(Records drawn from a dataset)
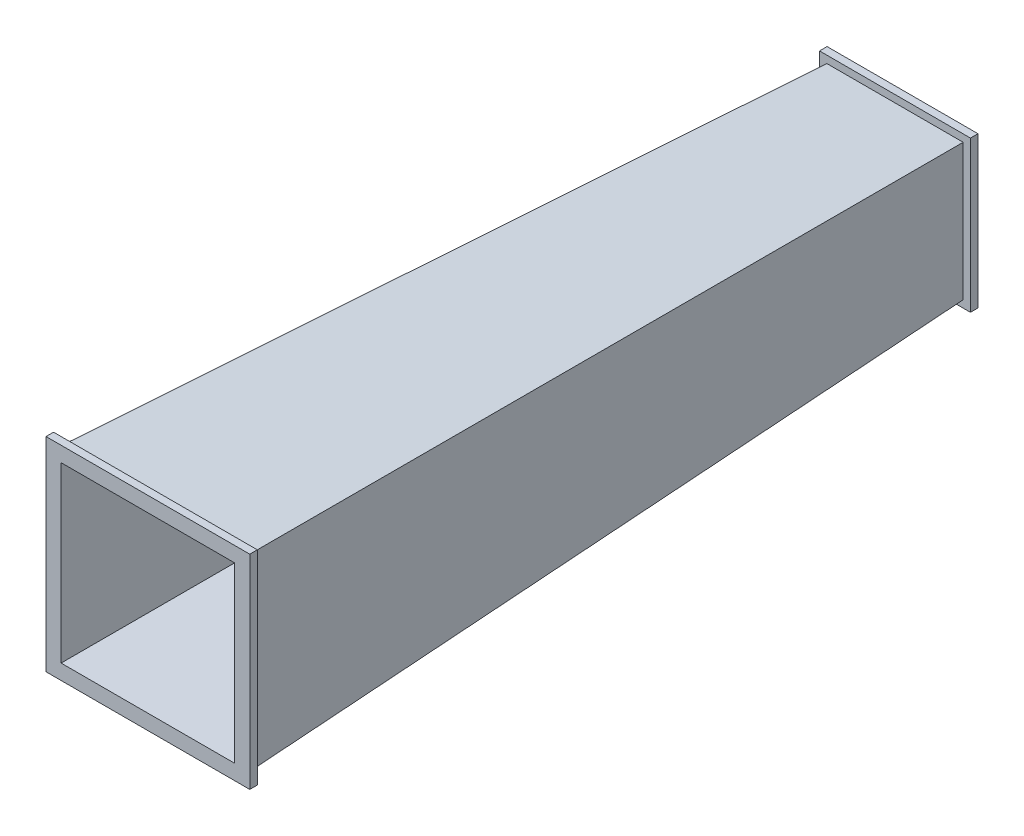
from build123d import *

# Parameters (mm, degrees)
SHELL3_T            = -5
SKETCH6_W           = 100
SKETCH6_H           = 100
SKETCH6_W_2         = 90
SKETCH6_H_2         = 90
BOSS_EXTRUDE3_DEPTH = 5
SKETCH5_W           = 135
SKETCH5_H           = 135
SKETCH5_W_2         = 114.993876874
SKETCH5_H_2         = 114.993876874
BOSS_EXTRUDE4_DEPTH = 5


with BuildPart() as part:
    # Sketch4 → Loft1 section 0
    with BuildSketch(Plane.XY.offset(500)):
        with BuildLine():
            Line((-62.5, 62.5), (62.5, 62.5))
            Line((62.5, 62.5), (62.5, -62.5))
            Line((62.5, -62.5), (-62.5, -62.5))
            Line((-62.5, -62.5), (-62.5, 62.5))
        make_face()
    # Sketch2 → Loft1 section 1
    with BuildSketch(Plane.XY):
        with BuildLine():
            Line((-45, 45), (45, 45))
            Line((45, 45), (45, -45))
            Line((45, -45), (-45, -45))
            Line((-45, -45), (-45, 45))
        make_face()
    loft()

    # Shell3
    shell3_openings = [part.faces().sort_by_distance(p)[0] for p in [
        (0, 0, 500),
        (0, 0, 0),
    ]]
    offset(amount=SHELL3_T, openings=shell3_openings, kind=Kind.INTERSECTION)

    # Sketch6 → Boss-Extrude3 (add)
    with BuildSketch(Plane(origin=(0, 0, 0), x_dir=(-1, 0, 0), z_dir=(0, 0, -1))):
        Rectangle(SKETCH6_W, SKETCH6_H)
        Rectangle(SKETCH6_W_2, SKETCH6_H_2, mode=Mode.SUBTRACT)
    extrude(amount=-BOSS_EXTRUDE3_DEPTH)

    # Sketch5 → Boss-Extrude4 (add)
    with BuildSketch(Plane.XY.offset(500)):
        Rectangle(SKETCH5_W, SKETCH5_H)
        Rectangle(SKETCH5_W_2, SKETCH5_H_2, mode=Mode.SUBTRACT)
    extrude(amount=-BOSS_EXTRUDE4_DEPTH)


solid = part.part
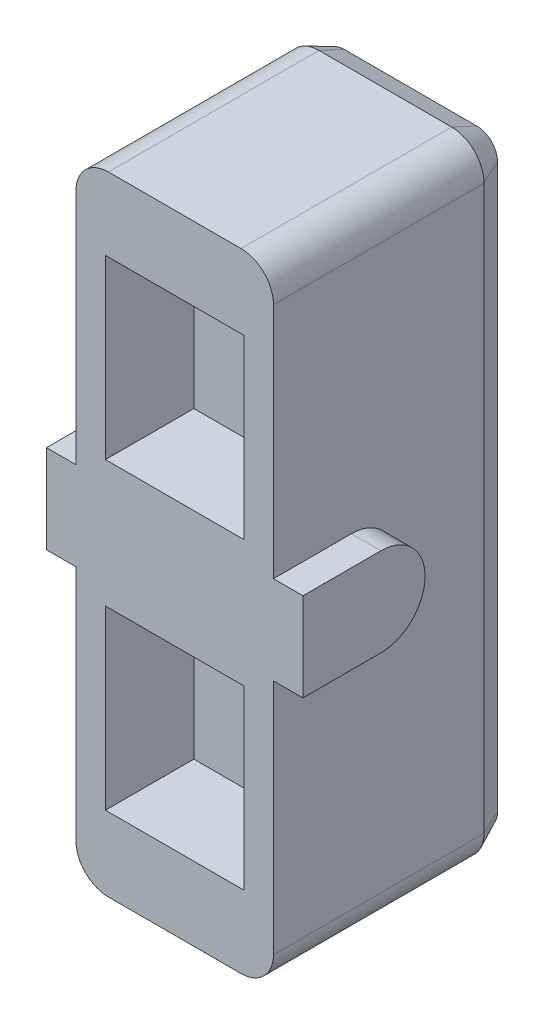
from build123d import *

# Parameters (mm, degrees)
BOSS_EXTRU_1_DEPTH      = 8
CHANFREIN1_SIZE         = 0.4
CHANFREIN1_SIZE2        = 0.857802768
BOSS_EXTRU_2_DEPTH      = 0.2
ENL_V_MAT_EXTRU_3_DEPTH = 0.2
ESQUISSE3_W             = 4.7
ESQUISSE3_H             = 6
ENL_V_MAT_EXTRU_4_DEPTH = 3
BOSS_EXTRU_3_DEPTH      = 1
BOSS_EXTRU_3_DEPTH_BACK = 7.7


with BuildPart() as part:
    # Esquisse2 → Boss.-Extru.1 (new body)
    with BuildSketch(Plane.XY):
        with BuildLine():
            Line((1.1, 0), (5.6, 0))
            ThreePointArc((5.6, 0), (6.377817459, 0.322182541), (6.7, 1.1))
            Line((6.7, 1.1), (6.7, 20.2))
            ThreePointArc((6.7, 20.2), (6.377817459, 20.977817459), (5.6, 21.3))
            Line((5.6, 21.3), (1.1, 21.3))
            ThreePointArc((1.1, 21.3), (0.322182541, 20.977817459), (0, 20.2))
            Line((0, 20.2), (0, 1.1))
            ThreePointArc((0, 1.1), (0.322182541, 0.322182541), (1.1, 0))
        make_face()
    extrude(amount=BOSS_EXTRU_1_DEPTH)

    # Chanfrein1
    chanfrein1_edges = [part.edges().sort_by_distance(p)[0] for p in [
        (3.35, 0, 0),
        (6.377817459, 0.322182541, 0),
        (0.322182541, 0.322182541, 0),
        (6.7, 10.65, 0),
        (0, 10.65, 0),
        (6.377817459, 20.977817459, 0),
        (0.322182541, 20.977817459, 0),
        (3.35, 21.3, 0),
    ]]
    chanfrein1_side = [part.faces().sort_by_distance(p)[0] for p in [
        (3.35, 10.65, 0),
    ]]
    chamfer(chanfrein1_edges, length=CHANFREIN1_SIZE, length2=CHANFREIN1_SIZE2, reference=chanfrein1_side[0])

    # Esquisse5<4> → Boss.-Extru.2 (add)
    # profile 1 of 5: a face of its own
    with BuildSketch(Plane.XY):
        Polygon((1.54, 5.9), (5.159538913, 5.9), (3.349812525, 1.9), align=None)
        Polygon((3.349799516, 3.355553525), (2.47002862, 5.3), (4.22952854, 5.3), align=None, mode=Mode.SUBTRACT)
    # profile 2 of 5: a face of its own
    with BuildSketch(Plane.XY):
        Polygon((1.54, 15.4), (5.16, 15.4), (3.35, 19.4), align=None)
        Polygon((2.470068334, 16), (4.229931666, 16), (3.35, 17.944600368), align=None, mode=Mode.SUBTRACT)
    # profile 3 of 5: a face of its own
    with BuildSketch(Plane.XY):
        with BuildLine():
            Line((5.795512821, 12.154141058), (5.407391827, 12.154141058))
            add(Edge.make_bspline(
                [(5.407391827, 12.154141058), (5.381517307, 12.154032478), (5.331933593, 12.153824404), (5.26062264, 12.152600644), (5.195874704, 12.149241545), (5.137537019, 12.146276691), (5.085993105, 12.140912869), (5.040797324, 12.135849382), (5.002130665, 12.129030353), (4.978841318, 12.122893486), (4.968189103, 12.120086571)],
                knots=[0, 0, 0, 0, 1.406291012, 2.694895705, 3.875596585, 4.929939196, 5.86881668, 6.691431991, 7.401479668, 8, 8, 8, 8], degree=3))
            add(Edge.make_bspline(
                [(4.968189103, 12.120086571), (4.954063199, 12.115523302), (4.925781909, 12.106387238), (4.885399487, 12.087752057), (4.847033348, 12.06535587), (4.81026959, 12.040054054), (4.776202635, 12.010144401), (4.744112646, 11.976797985), (4.713249398, 11.940379466), (4.685738172, 11.899751226), (4.659787385, 11.856783074), (4.637996977, 11.810700046), (4.619473637, 11.762260941), (4.603645472, 11.711697634), (4.592523608, 11.658459313), (4.583972088, 11.602970119), (4.578136981, 11.545123417), (4.577756946, 11.505617824), (4.577564103, 11.485571346)],
                knots=[0, 0, 0, 0, 0.890219086, 1.782296258, 2.662026138, 3.55410331, 4.45596999, 5.376940187, 6.329934089, 7.316405561, 8.318020235, 9.33962404, 10.370274173, 11.428642517, 12.515222745, 13.630246086, 14.797506457, 16, 16, 16, 16], degree=3))
            add(Edge.make_bspline(
                [(4.577564103, 11.485571346), (4.578334908, 11.452298559), (4.579833538, 11.387608292), (4.594186954, 11.293693579), (4.617586529, 11.205887849), (4.650505819, 11.124733084), (4.691983992, 11.051414066), (4.741364779, 10.98659077), (4.799761454, 10.932105053), (4.854771772, 10.894253639), (4.903479564, 10.869949129), (4.943079104, 10.853031732), (4.986391635, 10.840011225), (5.032604871, 10.828233763), (5.082322289, 10.819371053), (5.135323366, 10.812972796), (5.191650719, 10.808890577), (5.230267969, 10.808294137), (5.250140224, 10.807987212)],
                knots=[0, 0, 0, 0, 1.463301985, 2.845009436, 4.168980889, 5.453965417, 6.687638921, 7.866010869, 9.024897383, 10.188268473, 10.789455717, 11.41836669, 12.080505235, 12.777114878, 13.516268487, 14.300753823, 15.125575917, 16, 16, 16, 16], degree=3))
            Line((5.250140224, 10.807987212), (4.545512821, 9.654141058))
            Line((4.545512821, 9.654141058), (4.790404647, 9.654141058))
            Line((4.790404647, 9.654141058), (5.495032051, 10.807987212))
            Line((5.495032051, 10.807987212), (5.603205128, 10.807987212))
            Line((5.603205128, 10.807987212), (5.603205128, 9.654141058))
            Line((5.603205128, 9.654141058), (5.795512821, 9.654141058))
            Line((5.795512821, 9.654141058), (5.795512821, 12.154141058))
        make_face()
        with BuildLine():
            Line((5.603205128, 11.897730802), (5.603205128, 11.064397468))
            Line((5.603205128, 11.064397468), (5.263161058, 11.060891859))
            add(Edge.make_bspline(
                [(5.263161058, 11.060891859), (5.232257502, 11.061431235), (5.174656248, 11.06243658), (5.094630256, 11.070556914), (5.027333969, 11.084389759), (4.971463313, 11.105070977), (4.925444637, 11.133432667), (4.885015146, 11.167366505), (4.850513464, 11.208927173), (4.821379233, 11.256707389), (4.799047975, 11.309563079), (4.781279584, 11.365574447), (4.772154101, 11.4250112), (4.770640213, 11.465513851), (4.769871795, 11.486072148)],
                knots=[0, 0, 0, 0, 1.484503796, 2.766972155, 3.858711607, 4.777707686, 5.612610321, 6.443380992, 7.3028828, 8.195570234, 9.122302869, 10.053363384, 11.011928053, 12, 12, 12, 12], degree=3))
            add(Edge.make_bspline(
                [(4.769871795, 11.486072148), (4.770572669, 11.506143755), (4.771954138, 11.545706245), (4.782078901, 11.60365119), (4.799240146, 11.658629265), (4.822762288, 11.710039796), (4.851222245, 11.756720092), (4.884633489, 11.797094231), (4.922470093, 11.829997482), (4.957931898, 11.851607434), (4.98951879, 11.864830715), (5.01674033, 11.873950815), (5.047769961, 11.881272622), (5.082433331, 11.88707257), (5.120494723, 11.892192648), (5.162114277, 11.895556333), (5.207384101, 11.897592153), (5.23878632, 11.897683306), (5.255148237, 11.897730802)],
                knots=[0, 0, 0, 0, 1.313944225, 2.589872584, 3.837965354, 5.075530782, 6.282894025, 7.408145269, 8.493011398, 9.552186356, 10.110521641, 10.732722405, 11.429993849, 12.195550865, 13.033463864, 13.943953869, 14.928710818, 16, 16, 16, 16], degree=3))
            Line((5.255148237, 11.897730802), (5.603205128, 11.897730802))
        make_face(mode=Mode.SUBTRACT)
    # profile 4 of 5: a face of its own
    with BuildSketch(Plane.XY):
        Polygon((4.487820513, 9.654141058), (4.487820513, 12.154141058), (4.447255609, 12.154141058), (3.141666667, 10.247590577), (3.141666667, 12.154141058), (2.949358974, 12.154141058), (2.949358974, 9.654141058), (2.992928686, 9.654141058), (4.295512821, 11.555683526), (4.295512821, 9.654141058), align=None)
    # profile 5 of 5: a face of its own
    with BuildSketch(Plane.XY):
        with BuildLine():
            Line((1.000641026, 11.727458366), (1.150380609, 11.545166699))
            add(Edge.make_bspline(
                [(1.150380609, 11.545166699), (1.176695263, 11.577706223), (1.227961264, 11.641099466), (1.312334784, 11.725725311), (1.400990226, 11.797357955), (1.492469789, 11.856337102), (1.584838061, 11.903342726), (1.677185455, 11.936591811), (1.768389989, 11.958017816), (1.82919024, 11.960577682), (1.859014423, 11.961833366)],
                knots=[0, 0, 0, 0, 1.180897879, 2.300615913, 3.366389015, 4.392591617, 5.368437861, 6.285267508, 7.158876892, 8, 8, 8, 8], degree=3))
            add(Edge.make_bspline(
                [(1.859014423, 11.961833366), (1.87740433, 11.961549056), (1.913988827, 11.960983457), (1.96833989, 11.953312346), (2.022018194, 11.9426347), (2.075027135, 11.926739186), (2.127521521, 11.906875649), (2.179315986, 11.882036016), (2.230460317, 11.853066656), (2.280201036, 11.819358175), (2.328810472, 11.782753639), (2.374270024, 11.741812014), (2.417673685, 11.698366983), (2.457576675, 11.650977576), (2.495254548, 11.600967664), (2.530007128, 11.547656102), (2.561357962, 11.490884571), (2.599955711, 11.411846744), (2.640093216, 11.308712806), (2.673901821, 11.180504338), (2.695325023, 11.048921804), (2.698007332, 10.959978242), (2.699358974, 10.915158686)],
                knots=[0, 0, 0, 0, 0.742195851, 1.476508881, 2.213078346, 2.951281721, 3.708907221, 4.477997883, 5.269176095, 6.080806104, 6.903452709, 7.724910218, 8.549764533, 9.38205395, 10.224901256, 11.077722799, 11.950072611, 12.842695263, 14.629531552, 16.409024752, 18.190471412, 20, 20, 20, 20], degree=3))
            add(Edge.make_bspline(
                [(2.699358974, 10.915158686), (2.69893839, 10.892111226), (2.698099101, 10.846119318), (2.692432716, 10.777580259), (2.68343536, 10.70988375), (2.670985263, 10.642950444), (2.654343785, 10.576968783), (2.634324285, 10.511761866), (2.610716019, 10.447581113), (2.583820904, 10.384641263), (2.553572164, 10.323822904), (2.519734722, 10.266195271), (2.484038644, 10.21154611), (2.444877249, 10.160632546), (2.403790329, 10.112427369), (2.358723183, 10.068459362), (2.311733121, 10.027071195), (2.261760977, 9.989672179), (2.20970894, 9.956358665), (2.156697143, 9.926355055), (2.10190602, 9.901938874), (2.045951122, 9.881881404), (1.988996672, 9.865525186), (1.930586629, 9.85495059), (1.871237215, 9.847277394), (1.831162054, 9.846726678), (1.8109375, 9.84644875)],
                knots=[0, 0, 0, 0, 1.075648671, 2.146489633, 3.207621231, 4.262009588, 5.322110962, 6.381840063, 7.444229469, 8.512289095, 9.575021281, 10.611993966, 11.629793255, 12.619316909, 13.608073431, 14.583229653, 15.555112222, 16.529022636, 17.492908616, 18.438097579, 19.369212982, 20.288485365, 21.211020687, 22.130920189, 23.056739734, 24, 24, 24, 24], degree=3))
            add(Edge.make_bspline(
                [(1.8109375, 9.84644875), (1.786528397, 9.847130326), (1.738502802, 9.848471345), (1.668063475, 9.858824971), (1.600470972, 9.875110605), (1.535977595, 9.899046901), (1.474174124, 9.929118588), (1.415129935, 9.965881636), (1.359481902, 10.009805608), (1.30703902, 10.059802537), (1.258731848, 10.115223704), (1.214991158, 10.175035023), (1.176424346, 10.238687056), (1.142994476, 10.306286152), (1.115765194, 10.378046383), (1.093107335, 10.45366935), (1.07537612, 10.533150725), (1.068322758, 10.587898318), (1.06474359, 10.615679519)],
                knots=[0, 0, 0, 0, 0.992732885, 1.953229764, 2.890514293, 3.816609624, 4.746085783, 5.682705685, 6.640557555, 7.625359646, 8.626536552, 9.627713458, 10.636418116, 11.650913816, 12.691491505, 13.75510899, 14.860849082, 16, 16, 16, 16], degree=3))
            Line((1.06474359, 10.615679519), (1.673717949, 10.615679519))
            Line((1.673717949, 10.615679519), (1.673717949, 10.872089776))
            Line((1.673717949, 10.872089776), (0.872435897, 10.872089776))
            add(Edge.make_bspline(
                [(0.872435897, 10.872089776), (0.873353611, 10.824321344), (0.87514736, 10.730953878), (0.887582726, 10.594704223), (0.908745078, 10.466099065), (0.936976056, 10.344935881), (0.973552816, 10.231324441), (1.01796694, 10.12523645), (1.070972215, 10.026898752), (1.131133181, 9.936506571), (1.198202274, 9.855206488), (1.270983514, 9.783991915), (1.34961648, 9.723801126), (1.434025155, 9.674912681), (1.523753458, 9.636450473), (1.619024427, 9.609550884), (1.719723051, 9.593116469), (1.788671568, 9.591080481), (1.823958333, 9.590038494)],
                knots=[0, 0, 0, 0, 1.279979538, 2.501828927, 3.662287385, 4.770080211, 5.832462613, 6.856844025, 7.847542677, 8.821456207, 9.761900772, 10.666623651, 11.544302252, 12.408204966, 13.273981784, 14.15325484, 15.054864909, 16, 16, 16, 16], degree=3))
            add(Edge.make_bspline(
                [(1.823958333, 9.590038494), (1.845505591, 9.590446838), (1.888168908, 9.591255355), (1.951362325, 9.596991936), (2.012995224, 9.605690415), (2.072791525, 9.619018229), (2.130989495, 9.635257824), (2.187244499, 9.656079306), (2.24192592, 9.680165802), (2.295191529, 9.707543354), (2.346292954, 9.739441063), (2.395929542, 9.774380944), (2.443763634, 9.813216007), (2.489717174, 9.855745729), (2.534032737, 9.902080741), (2.576403805, 9.952278446), (2.617699551, 10.005692803), (2.642990052, 10.043606998), (2.655789263, 10.062794904)],
                knots=[0, 0, 0, 0, 1.032382545, 2.044105334, 3.038476821, 4.012827536, 4.97754274, 5.931586725, 6.884288403, 7.839538852, 8.798533035, 9.768407888, 10.746592774, 11.748528567, 12.766901797, 13.816738798, 14.895078446, 16, 16, 16, 16], degree=3))
            add(Edge.make_bspline(
                [(2.655789263, 10.062794904), (2.674648603, 10.093397312), (2.71239576, 10.154648336), (2.760023766, 10.251497345), (2.801074184, 10.351620391), (2.833859291, 10.455579552), (2.860127817, 10.562941489), (2.878467763, 10.673929937), (2.889830177, 10.788383427), (2.891049211, 10.865886448), (2.891666667, 10.905142661)],
                knots=[0, 0, 0, 0, 0.972045947, 1.945559608, 2.915893918, 3.89712903, 4.891732452, 5.90371772, 6.93820781, 8, 8, 8, 8], degree=3))
            add(Edge.make_bspline(
                [(2.891666667, 10.905142661), (2.891334206, 10.93453639), (2.890674114, 10.992896799), (2.883782378, 11.079621379), (2.873460708, 11.164711636), (2.858725522, 11.248243931), (2.840544386, 11.330287942), (2.817064555, 11.410699826), (2.790411877, 11.489812472), (2.758633363, 11.566682266), (2.724014487, 11.640881591), (2.685879509, 11.711393194), (2.644188787, 11.777492703), (2.599763823, 11.839724097), (2.551950883, 11.897516195), (2.501257188, 11.951205732), (2.447694878, 12.001124162), (2.390501009, 12.045977095), (2.331227199, 12.086511685), (2.269861678, 12.121869692), (2.206298853, 12.151492818), (2.141084257, 12.176090293), (2.073639678, 12.194695414), (2.004485371, 12.208033121), (1.933371946, 12.217096145), (1.885251106, 12.2178593), (1.861017628, 12.218243622)],
                knots=[0, 0, 0, 0, 1.139613768, 2.262670523, 3.371514243, 4.462374492, 5.550696422, 6.628397115, 7.709281568, 8.786379394, 9.852056274, 10.883259988, 11.892634097, 12.880693113, 13.846294527, 14.798787622, 15.742440682, 16.682668171, 17.614523987, 18.525044925, 19.425686334, 20.331084297, 21.224742707, 22.135010483, 23.060798158, 24, 24, 24, 24], degree=3))
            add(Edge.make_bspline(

Assignment:
Pull every line holding "SUBTRACT" out of the records.

Finished exercise:
        Rectangle(SKETCH6_W_2, SKETCH6_H_2, mode=Mode.SUBTRACT)
        Rectangle(SKETCH5_W_2, SKETCH5_H_2, mode=Mode.SUBTRACT)
        Polygon((3.349799516, 3.355553525), (2.47002862, 5.3), (4.22952854, 5.3), align=None, mode=Mode.SUBTRACT)
        Polygon((2.470068334, 16), (4.229931666, 16), (3.35, 17.944600368), align=None, mode=Mode.SUBTRACT)
        make_face(mode=Mode.SUBTRACT)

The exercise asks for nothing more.